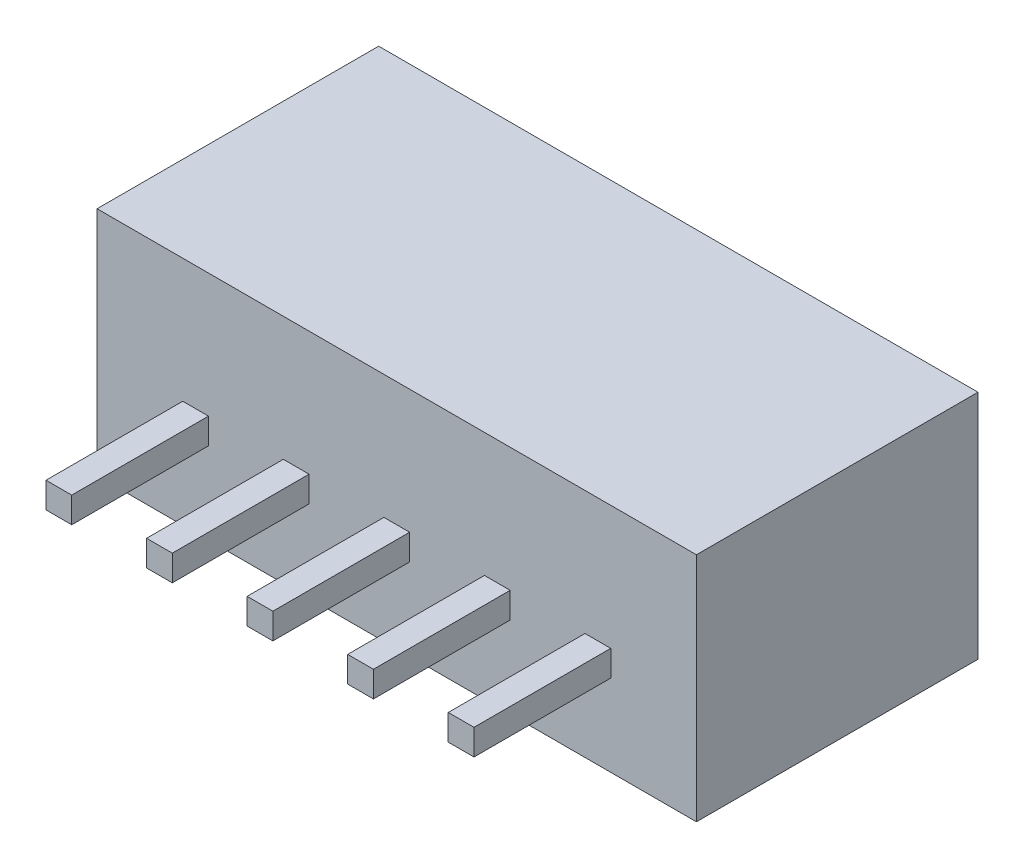
SolidWorks part; units mm, degrees
ref_plane "Спереди" through (0, 0, 0) normal (0, 0, 1) x (1, 0, 0)
ref_plane "Сверху" through (0, 0, 0) normal (0, 1, 0) x (1, 0, 0)
ref_plane "Справа" through (0, 0, 0) normal (1, 0, 0) x (0, 0, -1)
sketch "Эскиз1" plane through (0, 0, 0) normal (0, 0, 1) x (1, 0, 0)
  line L1 (-7.45, 2.875) -> (7.45, 2.875)
  line L2 (-7.45, 2.875) -> (-7.45, -2.875)
  line L3 (-7.45, -2.875) -> (7.45, -2.875)
  line L4 (7.45, 2.875) -> (7.45, -2.875)
  line L5 (-7.45, 2.875) -> (7.45, -2.875) construction
  line L6 (-7.45, -2.875) -> (7.45, 2.875) construction
  point P0 (0, 0)
  dimension "D1" = 5.75
  dimension "D2" = 14.9
extrude "Бобышка-Вытянуть1" add sketch "Эскиз1" along normal blind 7
sketch "Эскиз2" plane through (0, 0, 7) normal (0, 0, 1) x (1, 0, 0)
  line L0 (-2.82, -0.205) -> (-2.18, -0.205)
  line L1 (-5.32, -0.205) -> (-4.68, -0.205)
  line L2 (-5.32, -0.205) -> (-5.32, -0.845)
  line L3 (-5.32, -0.845) -> (-4.68, -0.845)
  line L4 (-4.68, -0.205) -> (-4.68, -0.845)
  line L5 (-5.32, -0.205) -> (-4.68, -0.845) construction
  line L6 (-5.32, -0.845) -> (-4.68, -0.205) construction
  line L7 (-2.82, -0.205) -> (-2.82, -0.845)
  line L8 (-2.82, -0.845) -> (-2.18, -0.845)
  line L9 (-2.18, -0.205) -> (-2.18, -0.845)
  line L10 (-2.82, -0.205) -> (-2.18, -0.845) construction
  line L11 (-2.82, -0.845) -> (-2.18, -0.205) construction
  line L12 (-0.32, -0.205) -> (0.32, -0.205)
  line L13 (-0.32, -0.205) -> (-0.32, -0.845)
  line L14 (-0.32, -0.845) -> (0.32, -0.845)
  line L15 (0.32, -0.205) -> (0.32, -0.845)
  line L16 (-0.32, -0.205) -> (0.32, -0.845) construction
  line L17 (-0.32, -0.845) -> (0.32, -0.205) construction
  line L18 (2.18, -0.205) -> (2.82, -0.205)
  line L19 (2.18, -0.205) -> (2.18, -0.845)
  line L20 (2.18, -0.845) -> (2.82, -0.845)
  line L21 (2.82, -0.205) -> (2.82, -0.845)
  line L22 (2.18, -0.205) -> (2.82, -0.845) construction
  line L23 (2.18, -0.845) -> (2.82, -0.205) construction
  line L24 (4.68, -0.205) -> (5.32, -0.205)
  line L25 (4.68, -0.205) -> (4.68, -0.845)
  line L26 (4.68, -0.845) -> (5.32, -0.845)
  line L27 (5.32, -0.205) -> (5.32, -0.845)
  line L28 (4.68, -0.205) -> (5.32, -0.845) construction
  line L29 (4.68, -0.845) -> (5.32, -0.205) construction
  line L30 (-7.45, -2.875) -> (7.45, -2.875) construction
  point P0 (-5, -0.525)
  point P5 (0, -0.205)
  point P6 (-2.5, -0.525)
  point P11 (0, -0.525)
  point P16 (2.5, -0.525)
  point P21 (5, -0.525)
  dimension "D1" = 0.64
  dimension "D2" = 5
  dimension "D3" = 2.35
extrude "Бобышка-Вытянуть2" add sketch "Эскиз2" along normal blind 3.4
sketch "Эскиз3" plane through (0, 0, 0) normal (0, 0, -1) x (-1, 0, 0)
  line L8 (-6.45, 1.875) -> (-6.45, -1.875)
  line L9 (-6.45, -1.875) -> (6.45, -1.875)
  line L10 (6.45, -1.875) -> (6.45, 1.875)
  line L11 (6.45, 1.875) -> (-6.45, 1.875)
  line L12 (-6.45, 1.875) -> (-6.45, -1.875)
  line L13 (-6.45, -1.875) -> (6.45, -1.875)
  line L14 (6.45, -1.875) -> (6.45, 1.875)
  line L15 (6.45, 1.875) -> (-6.45, 1.875)
  dimension "D1" = 1
extrude "Вырез-Вытянуть1" cut sketch "Эскиз3" against normal blind 5

· · · ·

→ **Problem**: Using the records above, restate word for word the lines from the one with "line L14 (-0.32, -0.845) -> (0.32, -0.845)" through the one with "line L23 (2.18, -0.845)", both included.

→ **Written response**:
  line L14 (-0.32, -0.845) -> (0.32, -0.845)
  line L15 (0.32, -0.205) -> (0.32, -0.845)
  line L16 (-0.32, -0.205) -> (0.32, -0.845) construction
  line L17 (-0.32, -0.845) -> (0.32, -0.205) construction
  line L18 (2.18, -0.205) -> (2.82, -0.205)
  line L19 (2.18, -0.205) -> (2.18, -0.845)
  line L20 (2.18, -0.845) -> (2.82, -0.845)
  line L21 (2.82, -0.205) -> (2.82, -0.845)
  line L22 (2.18, -0.205) -> (2.82, -0.845) construction
  line L23 (2.18, -0.845) -> (2.82, -0.205) construction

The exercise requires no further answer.